The fact that many of the larger MFIs have strengthened their capitalisation over time and are also maintaining higher liquidity levels will help support their efforts to manage the situation, it added.
The RBI move to recognise loans given by small finance banks to smaller NBFC-MFIs as priority sector lending will help ensure liquidity to the sector.
This apart, by allowing lenders the flexibility to restructure microfinance loans on a case-to-case basis, will also help provide relief to stressed clients.
“Seeing the severity of the situation, the RBI Governor has proactively met sector representatives and followed it up with possibly first steps – he mentioned in the beginning that the policy response will be calibrated, sequenced and well-timed.

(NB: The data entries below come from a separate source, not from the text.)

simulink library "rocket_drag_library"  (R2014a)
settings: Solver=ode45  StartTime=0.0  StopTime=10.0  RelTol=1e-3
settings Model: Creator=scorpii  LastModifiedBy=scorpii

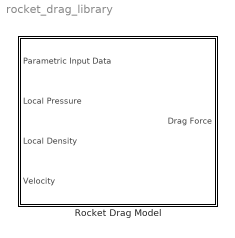
== system rocket_drag_library ==
  Rocket Drag Model : Subsystem

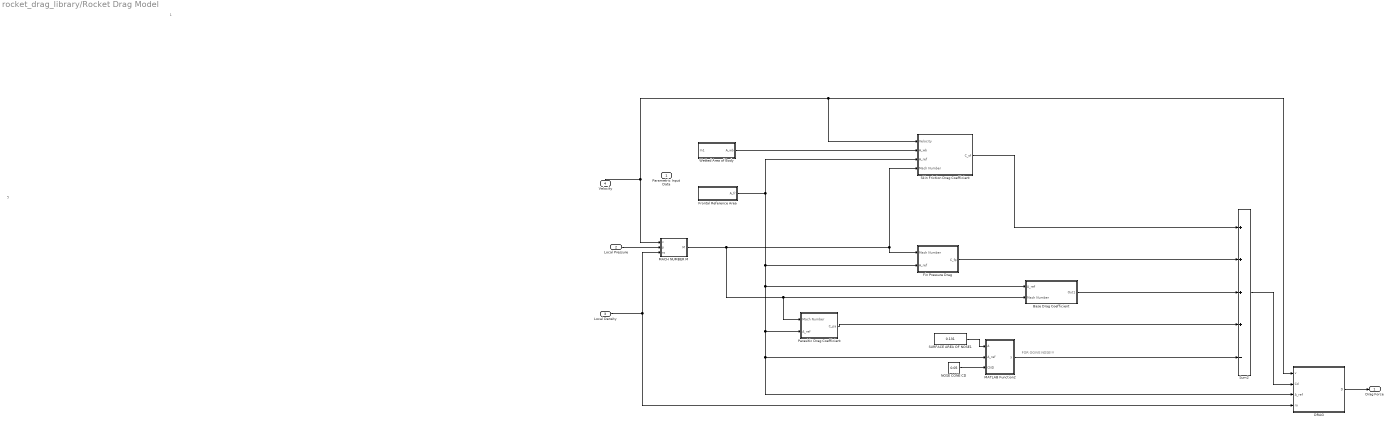
== system rocket_drag_library/Rocket Drag Model ==
  note: 1
  note: 5
  note: FOR OGIVE NOSE!!!
  Parametric Input Data : Inport
  Local Pressure : Inport  Port=2
  Local Density : Inport  Port=3
  Velocity : Inport  Port=4
  Base Drag Coefficient : Subsystem
  DRAG : Subsystem  TreatAsAtomicUnit=on
  Fin Pressure Drag : Subsystem
  Frontal Reference Area : Subsystem
  MACH NUMBER M : Subsystem  TreatAsAtomicUnit=on
  MATLAB Function2 : Subsystem  TreatAsAtomicUnit=on
  NOSE CONE CD : Constant  Value=0.05
  Parasitic Drag Coefficient : Subsystem
  SURFACE AREA OF NOSE1 : Constant  Value=0.131
  Skin Friction Drag Coefficient : Subsystem
  Sum2 : Sum  Inputs=++++-
  Wetted Area of Body : Subsystem
  Drag Force : Outport
  wires:
  Velocity/1 -> MACH NUMBER M/1(v), Skin Friction Drag Coefficient/1(Velocity), DRAG/1(v)
  MACH NUMBER M/1(M) -> Parasitic Drag Coefficient/1(Mach Number), Base Drag Coefficient/2(Mach Number), Skin Friction Drag Coefficient/4(Mach Number), Fin Pressure Drag/1(Mach Number)
  Sum2/1 -> DRAG/2(Cd)
  NOSE CONE CD/1 -> MATLAB Function2/3(CND)
  MATLAB Function2/1(y) -> Sum2/5
  Local Density/1 -> DRAG/4(ro), MACH NUMBER M/3(ro)
  Local Pressure/1 -> MACH NUMBER M/2(p)
  DRAG/1(D) -> Drag Force/1
  SURFACE AREA OF NOSE1/1 -> MATLAB Function2/1(A)
  Frontal Reference Area/1(A_fr) -> Skin Friction Drag Coefficient/3(A_ref), DRAG/3(A_ref), MATLAB Function2/2(A_ref), Parasitic Drag Coefficient/2(A_ref), Base Drag Coefficient/1(A_ref), Fin Pressure Drag/2(A_ref)
  Parasitic Drag Coefficient/1(C_pa) -> Sum2/4
  Base Drag Coefficient/1(Out1) -> Sum2/3
  Fin Pressure Drag/1(C_fp) -> Sum2/2
  Wetted Area of Body/1(A_wb) -> Skin Friction Drag Coefficient/2(A_wb)
  Skin Friction Drag Coefficient/1(C_sf) -> Sum2/1

== system rocket_drag_library/Rocket Drag Model/Base Drag Coefficient ==
  A_ref : Inport
  Mach Number : Inport  Port=2
  BASE DRAG COEF : Subsystem  TreatAsAtomicUnit=on
  Gain1 : Gain
  NORMALIZED BASE DRAG COEF : Subsystem  TreatAsAtomicUnit=on
  OUTER DIAMETER (m)3 : Constant  Value=0.104
  Out1 : Outport
  wires:
  Gain1/1 -> Out1/1
  BASE DRAG COEF/1(C_base) -> NORMALIZED BASE DRAG COEF/1(C_base)
  NORMALIZED BASE DRAG COEF/1(C_base_n) -> Gain1/1
  Mach Number/1 -> BASE DRAG COEF/1(M)
  A_ref/1 -> NORMALIZED BASE DRAG COEF/2(A_ref)
  OUTER DIAMETER (m)3/1 -> NORMALIZED BASE DRAG COEF/3(OD)

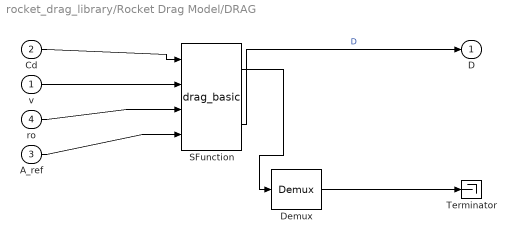
== system rocket_drag_library/Rocket Drag Model/DRAG ==
  v : Inport
  Cd : Inport  Port=2
  A_ref : Inport  Port=3
  ro : Inport  Port=4
  " Demux " : Demux  Outputs=1
  " SFunction " : S-Function  Tag=Stateflow S-Function VELOCITY_MODEL 4  FunctionName=drag_basic  PortCounts=[4 2]  EnableBusSupport=on
  " Terminator " : Terminator
  D : Outport
  wires:
  Cd/1 -> " SFunction "/1
  v/1 -> " SFunction "/2
  ro/1 -> " SFunction "/3
  A_ref/1 -> " SFunction "/4
  " SFunction "/2 -> D/1  "D"
  " Demux "/1 -> " Terminator "/1
  " SFunction "/1 -> " Demux "/1

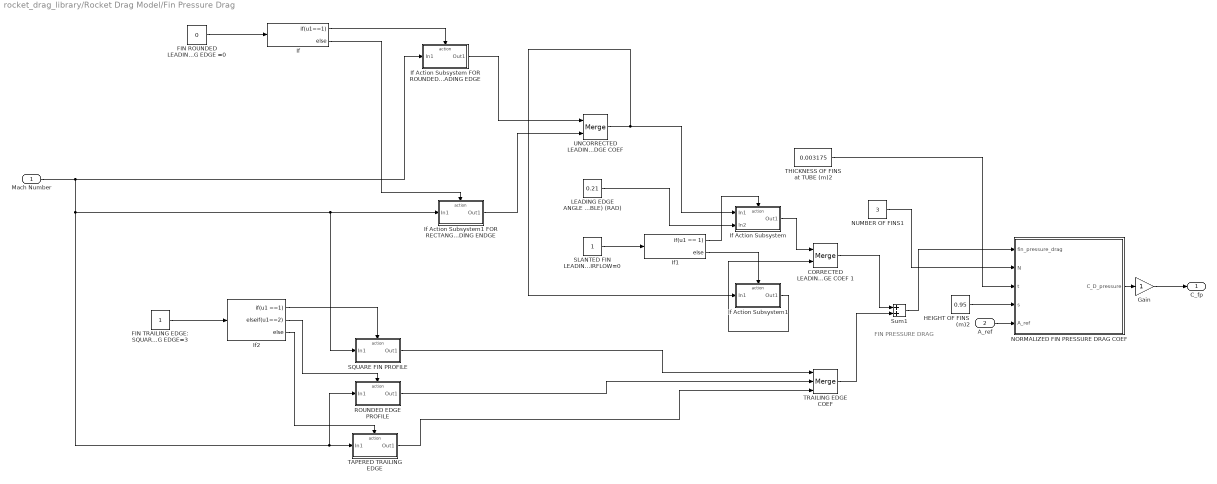
== system rocket_drag_library/Rocket Drag Model/Fin Pressure Drag ==
  note: FIN PRESSURE DRAG
  Mach Number : Inport
  A_ref : Inport  Port=2
  CORRECTED LEADING EDGE COEF 1 : Merge
  FIN ROUNDED LEADING EDGE=1 RECT' LEADING EDGE =0 : Constant  Value=0
  "FIN TRAILING EDGE: SQUARE FIN PROFILE=1 ROUNDED EDGE PROFILE=2 TAPERED TRAILING EDGE=3 " : Constant
  Gain : Gain
  HEIGHT OF FINS (m)2 : Constant  Value=0.95
  If : If  IfExpression=u1==1
  If Action Subsystem : Subsystem  TreatAsAtomicUnit=on
  If Action Subsystem FOR ROUNDED LEADING EDGE : Subsystem  TreatAsAtomicUnit=on
  If Action Subsystem1 : Subsystem  TreatAsAtomicUnit=on
  If Action Subsystem1 FOR RECTANGULAR LEADING ENDGE : Subsystem  TreatAsAtomicUnit=on
  If1 : If  IfExpression=u1 == 1
  If2 : If  IfExpression=u1 ==1  ElseIfExpressions=u1==2
  LEADING EDGE ANGLE (IF APPLICABLE) (RAD) : Constant  Value=0.21
  NORMALIZED FIN PRESSURE DRAG COEF : Subsystem  TreatAsAtomicUnit=on
  NUMBER OF FINS1 : Constant  Value=3
  ROUNDED EDGE PROFILE : Subsystem  TreatAsAtomicUnit=on
  SLANTED FIN LEADING EDGE=1 FIN PERPENDICULAR TO AIRFLOW=0 : Constant
  SQUARE FIN PROFILE : Subsystem  TreatAsAtomicUnit=on
  Sum1 : Sum
  TAPERED TRAILING EDGE : Subsystem  TreatAsAtomicUnit=on
  THICKNESS OF FINS at TUBE (m)2 : Constant  Value=0.003175
  TRAILING EDGE COEF : Merge  Inputs=3
  "UNCORRECTED LEADING EDGE COEF " : Merge
  C_fp : Outport
  wires:
  SLANTED FIN LEADING EDGE=1 FIN PERPENDICULAR TO AIRFLOW=0/1 -> If1/1
  FIN ROUNDED LEADING EDGE=1 RECT' LEADING EDGE =0/1 -> If/1
  LEADING EDGE ANGLE (IF APPLICABLE) (RAD)/1 -> If Action Subsystem/2(In2)
  CORRECTED LEADING EDGE COEF 1/1 -> Sum1/1
  If2/2 -> ROUNDED EDGE PROFILE/Action
  TAPERED TRAILING EDGE/1(Out1) -> TRAILING EDGE COEF/3
  If/1 -> If Action Subsystem FOR ROUNDED LEADING EDGE/Action
  If Action Subsystem FOR ROUNDED LEADING EDGE/1(Out1) -> "UNCORRECTED LEADING EDGE COEF "/1
  Sum1/1 -> NORMALIZED FIN PRESSURE DRAG COEF/1(fin_pressure_drag)
  SQUARE FIN PROFILE/1(Out1) -> TRAILING EDGE COEF/1
  If1/2 -> If Action Subsystem1/Action
  If2/3 -> TAPERED TRAILING EDGE/Action
  Gain/1 -> C_fp/1
  If1/1 -> If Action Subsystem/Action
  If/2 -> If Action Subsystem1 FOR RECTANGULAR LEADING ENDGE/Action
  "UNCORRECTED LEADING EDGE COEF "/1 -> If Action Subsystem1/1(In1), If Action Subsystem/1(In1)
  NORMALIZED FIN PRESSURE DRAG COEF/1(C_D_pressure) -> Gain/1
  If Action Subsystem1 FOR RECTANGULAR LEADING ENDGE/1(Out1) -> "UNCORRECTED LEADING EDGE COEF "/2
  If Action Subsystem/1(Out1) -> CORRECTED LEADING EDGE COEF 1/1
  ROUNDED EDGE PROFILE/1(Out1) -> TRAILING EDGE COEF/2
  TRAILING EDGE COEF/1 -> Sum1/2
  If Action Subsystem1/1(Out1) -> CORRECTED LEADING EDGE COEF 1/2
  "FIN TRAILING EDGE: SQUARE FIN PROFILE=1 ROUNDED EDGE PROFILE=2 TAPERED TRAILING EDGE=3 "/1 -> If2/1
  If2/1 -> SQUARE FIN PROFILE/Action
  HEIGHT OF FINS (m)2/1 -> NORMALIZED FIN PRESSURE DRAG COEF/4(s)
  THICKNESS OF FINS at TUBE (m)2/1 -> NORMALIZED FIN PRESSURE DRAG COEF/3(t)
  Mach Number/1 -> ROUNDED EDGE PROFILE/1(In1), TAPERED TRAILING EDGE/1(In1), SQUARE FIN PROFILE/1(In1), If Action Subsystem1 FOR RECTANGULAR LEADING ENDGE/1(In1), If Action Subsystem FOR ROUNDED LEADING EDGE/1(In1)
  A_ref/1 -> NORMALIZED FIN PRESSURE DRAG COEF/5(A_ref)
  NUMBER OF FINS1/1 -> NORMALIZED FIN PRESSURE DRAG COEF/2(N)

== system rocket_drag_library/Rocket Drag Model/Frontal Reference Area ==
  HEIGHT OF FINS (m) : Constant  Value=0.95
  NUMBER OF FINS : Constant  Value=3
  OUTER DIAMETER (m) : Constant  Value=0.104
  REFERENCE AREA (frontal area) : Subsystem  TreatAsAtomicUnit=on
  THICKNESS OF FINS at TUBE (m) : Constant  Value=0.003175
  A_fr : Outport
  wires:
  REFERENCE AREA (frontal area)/1(A_ref) -> A_fr/1
  NUMBER OF FINS/1 -> REFERENCE AREA (frontal area)/2(N)
  THICKNESS OF FINS at TUBE (m)/1 -> REFERENCE AREA (frontal area)/3(t)
  HEIGHT OF FINS (m)/1 -> REFERENCE AREA (frontal area)/4(s)
  OUTER DIAMETER (m)/1 -> REFERENCE AREA (frontal area)/1(OD)

== system rocket_drag_library/Rocket Drag Model/MACH NUMBER M ==
  v : Inport
  p : Inport  Port=2
  ro : Inport  Port=3
  " Demux " : Demux  Outputs=1
  " SFunction " : S-Function  Tag=Stateflow S-Function VELOCITY_MODEL 15  FunctionName=mach_number  PortCounts=[3 2]  EnableBusSupport=on
  " Terminator " : Terminator
  M : Outport
  wires:
  v/1 -> " SFunction "/1
  p/1 -> " SFunction "/2
  ro/1 -> " SFunction "/3
  " SFunction "/2 -> M/1  "M"
  " Demux "/1 -> " Terminator "/1
  " SFunction "/1 -> " Demux "/1

== system rocket_drag_library/Rocket Drag Model/MATLAB Function2 ==
  A : Inport
  A_ref : Inport  Port=2
  CND : Inport  Port=3
  " Demux " : Demux  Outputs=1
  " SFunction " : S-Function  Tag=Stateflow S-Function VELOCITY_MODEL 32  FunctionName=sf_sfun  PortCounts=[3 2]  EnableBusSupport=on
  " Terminator " : Terminator
  y : Outport
  wires:
  A/1 -> " SFunction "/1
  A_ref/1 -> " SFunction "/2
  CND/1 -> " SFunction "/3
  " SFunction "/2 -> y/1  "y"
  " Demux "/1 -> " Terminator "/1
  " SFunction "/1 -> " Demux "/1

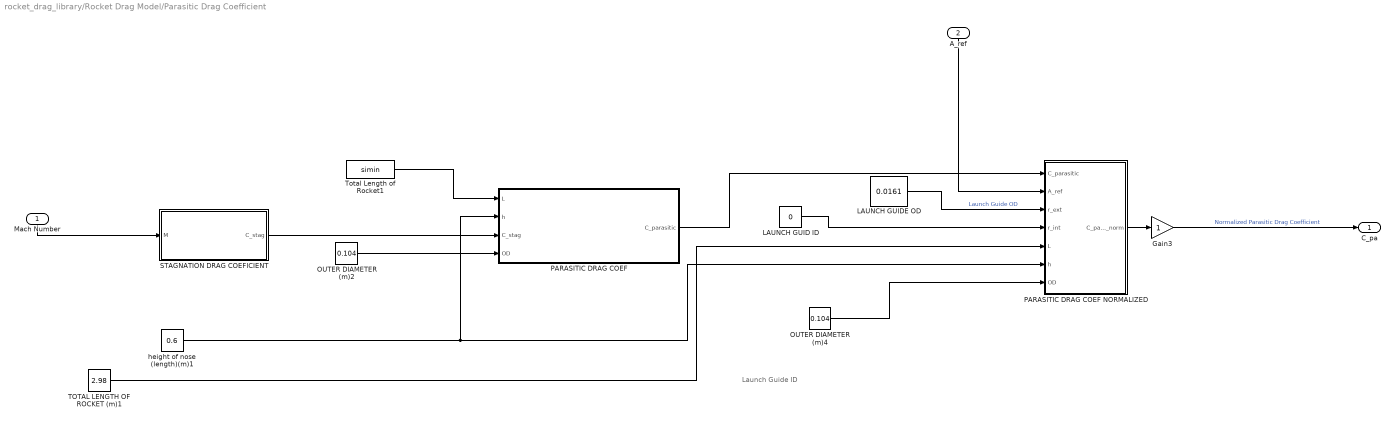
== system rocket_drag_library/Rocket Drag Model/Parasitic Drag Coefficient ==
  note: Launch Guide ID
  Mach Number : Inport
  A_ref : Inport  Port=2
  Gain3 : Gain
  LAUNCH GUID ID : Constant  Value=0
  LAUNCH GUIDE OD : Constant  Value=0.0161
  OUTER DIAMETER (m)2 : Constant  Value=0.104
  OUTER DIAMETER (m)4 : Constant  Value=0.104
  PARASITIC DRAG COEF : Subsystem  TreatAsAtomicUnit=on
  PARASITIC DRAG COEF NORMALIZED : Subsystem  TreatAsAtomicUnit=on
  STAGNATION DRAG COEFICIENT : Subsystem  TreatAsAtomicUnit=on
  TOTAL LENGTH OF ROCKET (m)1 : Constant  Value=2.98
  Total Length of Rocket1 : FromWorkspace  VariableName=simin  SampleTime=0
  height of nose (length)(m)1 : Constant  Value=0.6
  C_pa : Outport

“Liquidity is the key and I hope along with the April announcement of ₹50,000 crore support to All India Financial Institutions (AIFIs) and today’s measure will help the sector. We also expect that with changes in the evolving situation, the RBI will keep introducing newer relief measures,” said Misra.
MFIN will also keep engaging with the RBI on creating a systemic support for allocating a specific sub-total out of the overall liquidity support for the smaller NBFC-MFIs. It also hoped that the pricing issue would also be resolved soon.
Tweaking business model
While MFIs have been bringing in small and steady changes in their business model ever since the demonetisation days, the emphasis is likely to increase on low touch and cashless transactions moving forward, said Manoj Kumar Nambiar, Managing Director, Arohan Financial Services.
“Our customers have bank accounts but no banking habit and for that the neighbourhood kirana shops have to be enabled to facilitate transactions.
“The BC (business correspondent) model has to become more viable, and lenders will have to stop collecting repayments in cash. Eventually, it has to be that way though it may take some time,” he said.
According to Satish, since loans are non-collateralised, there is requirement of collateral substitute like joint liability. So, the JLG model will continue. There will, however, be improvisations in group meetings, loan processing methodologies and collection and repayment systems, where there is likely to be greater adoption of digital modes.